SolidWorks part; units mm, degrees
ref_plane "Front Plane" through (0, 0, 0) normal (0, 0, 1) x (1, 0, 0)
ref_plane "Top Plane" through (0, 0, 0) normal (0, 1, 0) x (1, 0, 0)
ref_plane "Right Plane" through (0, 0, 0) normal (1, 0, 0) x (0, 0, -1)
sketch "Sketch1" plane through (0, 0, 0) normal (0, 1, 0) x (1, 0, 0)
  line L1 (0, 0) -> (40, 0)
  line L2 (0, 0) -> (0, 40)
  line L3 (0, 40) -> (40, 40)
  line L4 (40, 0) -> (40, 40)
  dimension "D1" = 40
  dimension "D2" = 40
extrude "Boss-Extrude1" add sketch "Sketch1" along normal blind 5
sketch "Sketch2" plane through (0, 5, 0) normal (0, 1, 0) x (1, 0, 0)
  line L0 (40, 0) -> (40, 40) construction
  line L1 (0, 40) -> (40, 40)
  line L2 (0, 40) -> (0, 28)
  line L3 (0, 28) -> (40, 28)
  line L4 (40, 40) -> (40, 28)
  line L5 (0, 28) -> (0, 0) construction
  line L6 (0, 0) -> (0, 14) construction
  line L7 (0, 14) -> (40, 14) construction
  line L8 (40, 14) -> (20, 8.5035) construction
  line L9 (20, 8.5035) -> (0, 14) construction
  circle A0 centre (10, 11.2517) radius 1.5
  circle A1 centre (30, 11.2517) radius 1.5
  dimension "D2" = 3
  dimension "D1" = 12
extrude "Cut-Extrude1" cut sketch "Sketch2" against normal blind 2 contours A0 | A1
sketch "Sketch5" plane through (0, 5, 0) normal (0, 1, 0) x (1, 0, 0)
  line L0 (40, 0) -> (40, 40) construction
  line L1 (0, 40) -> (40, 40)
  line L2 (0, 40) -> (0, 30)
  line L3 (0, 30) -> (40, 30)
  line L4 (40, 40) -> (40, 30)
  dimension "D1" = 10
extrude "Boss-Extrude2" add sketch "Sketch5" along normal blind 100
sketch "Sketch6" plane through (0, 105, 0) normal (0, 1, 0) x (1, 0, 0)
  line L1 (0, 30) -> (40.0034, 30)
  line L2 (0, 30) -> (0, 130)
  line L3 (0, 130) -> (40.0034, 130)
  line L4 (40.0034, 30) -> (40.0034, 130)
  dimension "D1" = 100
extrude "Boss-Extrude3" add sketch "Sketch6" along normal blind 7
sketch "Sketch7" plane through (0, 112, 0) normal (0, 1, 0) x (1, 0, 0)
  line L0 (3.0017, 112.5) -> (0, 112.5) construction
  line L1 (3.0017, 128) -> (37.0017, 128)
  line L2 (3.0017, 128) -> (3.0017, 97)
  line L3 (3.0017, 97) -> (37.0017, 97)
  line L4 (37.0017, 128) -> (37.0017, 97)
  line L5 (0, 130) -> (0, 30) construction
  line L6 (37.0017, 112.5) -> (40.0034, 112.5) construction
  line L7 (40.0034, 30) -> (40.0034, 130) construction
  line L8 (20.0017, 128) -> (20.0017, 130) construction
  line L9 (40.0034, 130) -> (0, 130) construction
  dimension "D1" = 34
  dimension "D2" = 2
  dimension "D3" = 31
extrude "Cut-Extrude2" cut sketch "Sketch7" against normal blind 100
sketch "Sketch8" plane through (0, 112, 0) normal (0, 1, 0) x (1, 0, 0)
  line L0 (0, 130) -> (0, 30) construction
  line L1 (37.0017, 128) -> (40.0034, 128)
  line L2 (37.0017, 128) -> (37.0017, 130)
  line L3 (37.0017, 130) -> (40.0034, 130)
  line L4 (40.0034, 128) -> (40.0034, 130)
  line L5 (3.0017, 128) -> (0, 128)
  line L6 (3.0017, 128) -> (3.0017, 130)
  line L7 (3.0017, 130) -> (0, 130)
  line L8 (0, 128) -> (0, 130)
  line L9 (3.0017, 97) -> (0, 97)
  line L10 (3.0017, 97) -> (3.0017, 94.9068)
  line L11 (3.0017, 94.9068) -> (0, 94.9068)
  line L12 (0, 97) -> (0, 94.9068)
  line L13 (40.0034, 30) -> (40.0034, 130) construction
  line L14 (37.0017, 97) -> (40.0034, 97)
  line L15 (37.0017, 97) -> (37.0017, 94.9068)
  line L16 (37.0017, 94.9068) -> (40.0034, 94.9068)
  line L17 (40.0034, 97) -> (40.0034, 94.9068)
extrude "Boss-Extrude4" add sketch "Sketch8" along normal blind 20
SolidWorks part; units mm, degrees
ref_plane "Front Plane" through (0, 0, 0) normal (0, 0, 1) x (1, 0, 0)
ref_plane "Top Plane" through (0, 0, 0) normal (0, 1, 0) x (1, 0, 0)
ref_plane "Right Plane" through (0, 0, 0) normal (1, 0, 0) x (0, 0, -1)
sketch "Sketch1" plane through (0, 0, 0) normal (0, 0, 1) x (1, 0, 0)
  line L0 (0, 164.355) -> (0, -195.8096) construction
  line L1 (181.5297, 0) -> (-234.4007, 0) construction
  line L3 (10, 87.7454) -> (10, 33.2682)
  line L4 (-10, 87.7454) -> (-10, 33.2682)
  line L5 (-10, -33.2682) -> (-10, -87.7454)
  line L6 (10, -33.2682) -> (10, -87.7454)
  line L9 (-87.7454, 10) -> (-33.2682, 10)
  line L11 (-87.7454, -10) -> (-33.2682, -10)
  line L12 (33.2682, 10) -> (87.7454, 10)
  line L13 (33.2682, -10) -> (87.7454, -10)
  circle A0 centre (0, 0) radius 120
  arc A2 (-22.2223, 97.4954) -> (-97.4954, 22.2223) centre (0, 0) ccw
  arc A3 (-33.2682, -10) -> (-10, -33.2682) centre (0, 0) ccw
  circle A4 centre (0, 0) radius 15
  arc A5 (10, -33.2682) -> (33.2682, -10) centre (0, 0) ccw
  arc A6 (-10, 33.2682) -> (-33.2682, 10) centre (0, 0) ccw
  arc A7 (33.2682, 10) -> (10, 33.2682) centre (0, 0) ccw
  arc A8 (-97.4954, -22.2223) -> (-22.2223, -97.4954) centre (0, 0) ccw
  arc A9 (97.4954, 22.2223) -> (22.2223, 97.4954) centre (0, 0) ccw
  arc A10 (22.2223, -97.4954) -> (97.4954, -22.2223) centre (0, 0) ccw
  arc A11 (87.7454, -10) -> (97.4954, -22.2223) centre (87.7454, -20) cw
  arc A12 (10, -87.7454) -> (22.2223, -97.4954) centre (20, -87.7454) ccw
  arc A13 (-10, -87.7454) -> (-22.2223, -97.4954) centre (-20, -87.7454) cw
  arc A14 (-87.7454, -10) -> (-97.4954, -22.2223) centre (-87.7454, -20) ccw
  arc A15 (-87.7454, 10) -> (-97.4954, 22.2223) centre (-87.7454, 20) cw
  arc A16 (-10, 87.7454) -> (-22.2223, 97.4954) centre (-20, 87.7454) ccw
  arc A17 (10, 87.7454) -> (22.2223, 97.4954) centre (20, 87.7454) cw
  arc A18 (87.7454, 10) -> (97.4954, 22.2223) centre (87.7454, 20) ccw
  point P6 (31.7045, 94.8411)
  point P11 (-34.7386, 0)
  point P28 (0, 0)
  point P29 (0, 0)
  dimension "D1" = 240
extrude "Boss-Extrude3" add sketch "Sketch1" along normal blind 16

****

Your answer should consist of each line of the data above in which the word "dimension" occurs.

- [Answer to this problem]
  dimension "D1" = 40
  dimension "D2" = 40
  dimension "D2" = 3
  dimension "D1" = 12
  dimension "D1" = 10
  dimension "D1" = 100
  dimension "D1" = 34
  dimension "D2" = 2
  dimension "D3" = 31
  dimension "D1" = 240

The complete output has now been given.